Wednesday, January 28, 2009

Bend It

Flexibility. This might be a good word; a good word to describe how things are here. Not flexibility in the positive sense so much - as in he/she demonstrated flexibility in his/her thinking - but flexibility in the maybe we'll do what we're told to or maybe we won't sense. And often one fancies it is the latter. Let's take smoking in cafés shall we. Without wishing to puff on an old pipe once more and blow some smoke rings of explanation as to how the law is meant to apply (with the emphasis on the "meant to"), suffice it to say that, in some establishments, there is a no-smoking area and a smoking area. Theoretically, there is meant to be some physical division between the two, but let's not get bogged down in theory, for in practice what you have is a theoretical no-smoking area which is right next to a practical smoking area. In other words, it doesn't make any real difference whether one part of the café is dubbed "no smoking" because the smoke is available to all. How charitable these regulations are. And even in the no-smoking area, the rigidity of that no-smoking command is, yes, flexible. Or to use another word - ignored.

Now, without wishing to finger anywhere or anyone in particular, and given that I happen to like the place and am familiar with its coffees, pastries and baguettes, there is a café in Puerto Alcúdia that is mightily popular with locals and expats alike. It has - or had the other day when I was there - a particularly flexible approach to smoking (or no smoking, as it may be). Right by my head and therefore next to my table was a sign that read "zona no fumadors". I don't think I need to translate. I hadn't appreciated that the zona no fumadors appears to extend to one table alone, as - at the next table - were a trio, two of whom I recognised from a bar which, without wishing to finger anywhere or anyone, is by the grand canal in Puerto Alcúdia, and one of the two was puffing away heartily. At the adjoining table were two "girls", who I didn't recognise, and who were both happily making some serious inroads into a packet of Marlboro.

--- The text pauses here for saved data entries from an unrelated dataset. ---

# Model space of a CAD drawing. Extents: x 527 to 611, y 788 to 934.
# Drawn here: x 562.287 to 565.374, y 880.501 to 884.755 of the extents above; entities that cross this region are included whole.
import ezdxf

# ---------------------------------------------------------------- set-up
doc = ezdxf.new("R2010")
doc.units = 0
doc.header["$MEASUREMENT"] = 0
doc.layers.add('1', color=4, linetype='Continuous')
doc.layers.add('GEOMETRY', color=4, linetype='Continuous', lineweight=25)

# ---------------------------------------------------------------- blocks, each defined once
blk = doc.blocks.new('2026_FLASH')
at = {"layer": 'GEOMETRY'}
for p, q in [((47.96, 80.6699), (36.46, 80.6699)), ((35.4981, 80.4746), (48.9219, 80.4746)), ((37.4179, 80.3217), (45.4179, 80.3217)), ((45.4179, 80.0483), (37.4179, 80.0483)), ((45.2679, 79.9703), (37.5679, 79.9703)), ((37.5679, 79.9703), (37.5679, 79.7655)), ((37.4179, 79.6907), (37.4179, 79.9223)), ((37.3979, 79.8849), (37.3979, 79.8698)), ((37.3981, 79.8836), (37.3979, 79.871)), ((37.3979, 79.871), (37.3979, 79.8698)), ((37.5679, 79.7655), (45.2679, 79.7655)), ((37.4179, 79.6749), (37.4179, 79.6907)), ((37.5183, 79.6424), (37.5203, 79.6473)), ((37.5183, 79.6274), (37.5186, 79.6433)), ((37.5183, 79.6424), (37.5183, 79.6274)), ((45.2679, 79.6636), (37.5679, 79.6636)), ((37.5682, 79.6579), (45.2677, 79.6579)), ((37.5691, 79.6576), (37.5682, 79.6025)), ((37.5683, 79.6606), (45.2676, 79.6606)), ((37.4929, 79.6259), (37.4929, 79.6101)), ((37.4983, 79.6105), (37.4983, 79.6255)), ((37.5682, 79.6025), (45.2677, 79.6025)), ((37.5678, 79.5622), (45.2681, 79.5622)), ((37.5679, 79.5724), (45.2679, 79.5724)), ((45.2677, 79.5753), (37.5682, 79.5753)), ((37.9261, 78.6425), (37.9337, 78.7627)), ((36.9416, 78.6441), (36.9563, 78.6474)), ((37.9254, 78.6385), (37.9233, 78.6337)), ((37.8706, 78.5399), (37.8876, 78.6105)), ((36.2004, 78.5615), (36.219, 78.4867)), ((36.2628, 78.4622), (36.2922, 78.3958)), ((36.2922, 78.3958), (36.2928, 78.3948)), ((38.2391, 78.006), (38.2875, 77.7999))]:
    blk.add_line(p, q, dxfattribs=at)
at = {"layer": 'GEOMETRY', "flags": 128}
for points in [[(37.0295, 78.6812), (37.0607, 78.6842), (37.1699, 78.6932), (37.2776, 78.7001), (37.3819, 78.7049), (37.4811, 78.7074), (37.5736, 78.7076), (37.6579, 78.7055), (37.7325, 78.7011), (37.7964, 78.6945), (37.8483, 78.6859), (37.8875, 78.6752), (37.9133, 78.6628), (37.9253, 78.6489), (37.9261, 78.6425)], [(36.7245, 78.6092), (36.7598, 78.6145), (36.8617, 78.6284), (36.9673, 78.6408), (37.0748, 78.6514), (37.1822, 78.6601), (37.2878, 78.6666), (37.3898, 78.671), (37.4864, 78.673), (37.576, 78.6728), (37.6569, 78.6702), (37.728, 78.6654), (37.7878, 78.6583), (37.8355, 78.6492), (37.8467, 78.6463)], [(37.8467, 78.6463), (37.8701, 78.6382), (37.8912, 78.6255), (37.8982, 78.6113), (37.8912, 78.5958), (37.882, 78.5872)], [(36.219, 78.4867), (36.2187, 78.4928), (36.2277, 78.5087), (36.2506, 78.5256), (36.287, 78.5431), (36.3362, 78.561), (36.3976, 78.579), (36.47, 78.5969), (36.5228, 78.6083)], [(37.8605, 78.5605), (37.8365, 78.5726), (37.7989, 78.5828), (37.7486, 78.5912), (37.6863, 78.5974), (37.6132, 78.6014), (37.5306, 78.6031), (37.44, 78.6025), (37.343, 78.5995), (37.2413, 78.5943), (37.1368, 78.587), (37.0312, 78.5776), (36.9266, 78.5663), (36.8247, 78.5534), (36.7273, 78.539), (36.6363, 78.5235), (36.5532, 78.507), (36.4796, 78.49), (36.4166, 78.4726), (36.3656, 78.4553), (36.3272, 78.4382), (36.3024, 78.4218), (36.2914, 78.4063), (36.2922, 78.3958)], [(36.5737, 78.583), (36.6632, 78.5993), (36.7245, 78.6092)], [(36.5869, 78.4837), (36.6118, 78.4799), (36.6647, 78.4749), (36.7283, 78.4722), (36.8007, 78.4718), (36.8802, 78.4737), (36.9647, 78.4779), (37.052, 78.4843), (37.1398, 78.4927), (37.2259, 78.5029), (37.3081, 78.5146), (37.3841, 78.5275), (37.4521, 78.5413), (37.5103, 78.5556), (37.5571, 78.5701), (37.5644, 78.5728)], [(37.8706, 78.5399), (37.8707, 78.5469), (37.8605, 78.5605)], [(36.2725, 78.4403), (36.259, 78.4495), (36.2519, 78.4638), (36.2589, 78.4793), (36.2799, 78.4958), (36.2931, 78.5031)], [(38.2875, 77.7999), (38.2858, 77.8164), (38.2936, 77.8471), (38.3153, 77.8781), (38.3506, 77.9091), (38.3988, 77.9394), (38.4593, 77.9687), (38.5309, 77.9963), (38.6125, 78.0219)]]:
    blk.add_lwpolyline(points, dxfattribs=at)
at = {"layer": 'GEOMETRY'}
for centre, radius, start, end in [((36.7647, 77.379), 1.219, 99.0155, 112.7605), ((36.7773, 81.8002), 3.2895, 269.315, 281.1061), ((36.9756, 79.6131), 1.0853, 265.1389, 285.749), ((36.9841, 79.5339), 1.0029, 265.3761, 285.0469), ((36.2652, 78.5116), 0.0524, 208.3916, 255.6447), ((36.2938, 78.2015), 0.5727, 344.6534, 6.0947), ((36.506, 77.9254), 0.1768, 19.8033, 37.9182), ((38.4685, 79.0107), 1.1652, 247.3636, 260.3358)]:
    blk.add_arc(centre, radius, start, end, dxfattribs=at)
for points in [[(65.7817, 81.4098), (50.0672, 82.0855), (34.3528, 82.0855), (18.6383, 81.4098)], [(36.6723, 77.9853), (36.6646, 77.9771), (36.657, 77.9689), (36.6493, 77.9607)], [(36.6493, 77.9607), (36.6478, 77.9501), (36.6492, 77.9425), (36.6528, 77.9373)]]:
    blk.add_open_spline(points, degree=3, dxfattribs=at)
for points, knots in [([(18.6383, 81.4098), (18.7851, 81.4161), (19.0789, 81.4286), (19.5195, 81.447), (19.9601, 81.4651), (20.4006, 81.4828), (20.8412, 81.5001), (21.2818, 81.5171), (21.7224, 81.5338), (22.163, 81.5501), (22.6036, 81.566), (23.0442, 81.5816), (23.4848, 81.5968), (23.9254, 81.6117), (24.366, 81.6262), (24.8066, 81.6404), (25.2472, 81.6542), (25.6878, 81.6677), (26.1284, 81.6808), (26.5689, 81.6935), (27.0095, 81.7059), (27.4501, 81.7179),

Flexible. It's not far from bendy, is it. And bendy is not far from bent. And bent is not far from rules. Flexible, that'll be it.


Meantime, rare old sport in the Junior Common Rooms, sometimes known as the local town halls. The only thing that appears to be missing from meetings of the town hall politicos is vast quantities of alcohol, which were deemed a pre-requisite in my day of student politics in the JCRs. Alcohol, though, was not the only requirement. I once chaired a special meeting that was a vote of no confidence in the editors of the college rag. It was packed out, but it didn't stop me having my apple crumble and custard while it was going on. But anyway, where was I? Ah yes, only slightly more relevant than JCR politics is what goes on in the town halls. Always good for a spat is Santa Margalida where the spokesman for the Unió Mallorquina was expelled from a meeting for having the audacity to accuse the mayor (Partido Popular) of high-handedness and something called "indocumentado", which, though it is pretty clear, I'm unsure as to the precise sense in which it is being used, and one needs to be a bit cautious as this all revolves around some 800 grands worth of invoices. Anyway, it all sounds like jolly good fun with accusations being hurled about to do with curbing freedom of expression and all that sort of stuff. There again, 800 grand is on rather a grander scale than debates we used to have about donating 20 quid to the Shrewsbury Three or the Iranian Ninety-One or the M Twenty-Five or the Temperance Seven - whatever cause it happened to be, and it was invariably of a right-on far-left nature and involved endless discussion as to whether payments were "ultra vires". If there is one or rather are two words that describe my university life, they would be ultra and vires, and I still don't know what they mean.

But the Junior Common Room to beat them all is of course that in Pollensa, where mayor Cerdà is under fire for the town's cleaning arrangements. When isn't he under fire? The United Left/Greens, the one-man mayoral destruction unit that is Pepe García, is having a go about the fact that the company that does the cleaning - sort of - has not had a contract for several months. Ah look, just don't worry about it. It'll be an oversight. You know how flexible things can be here.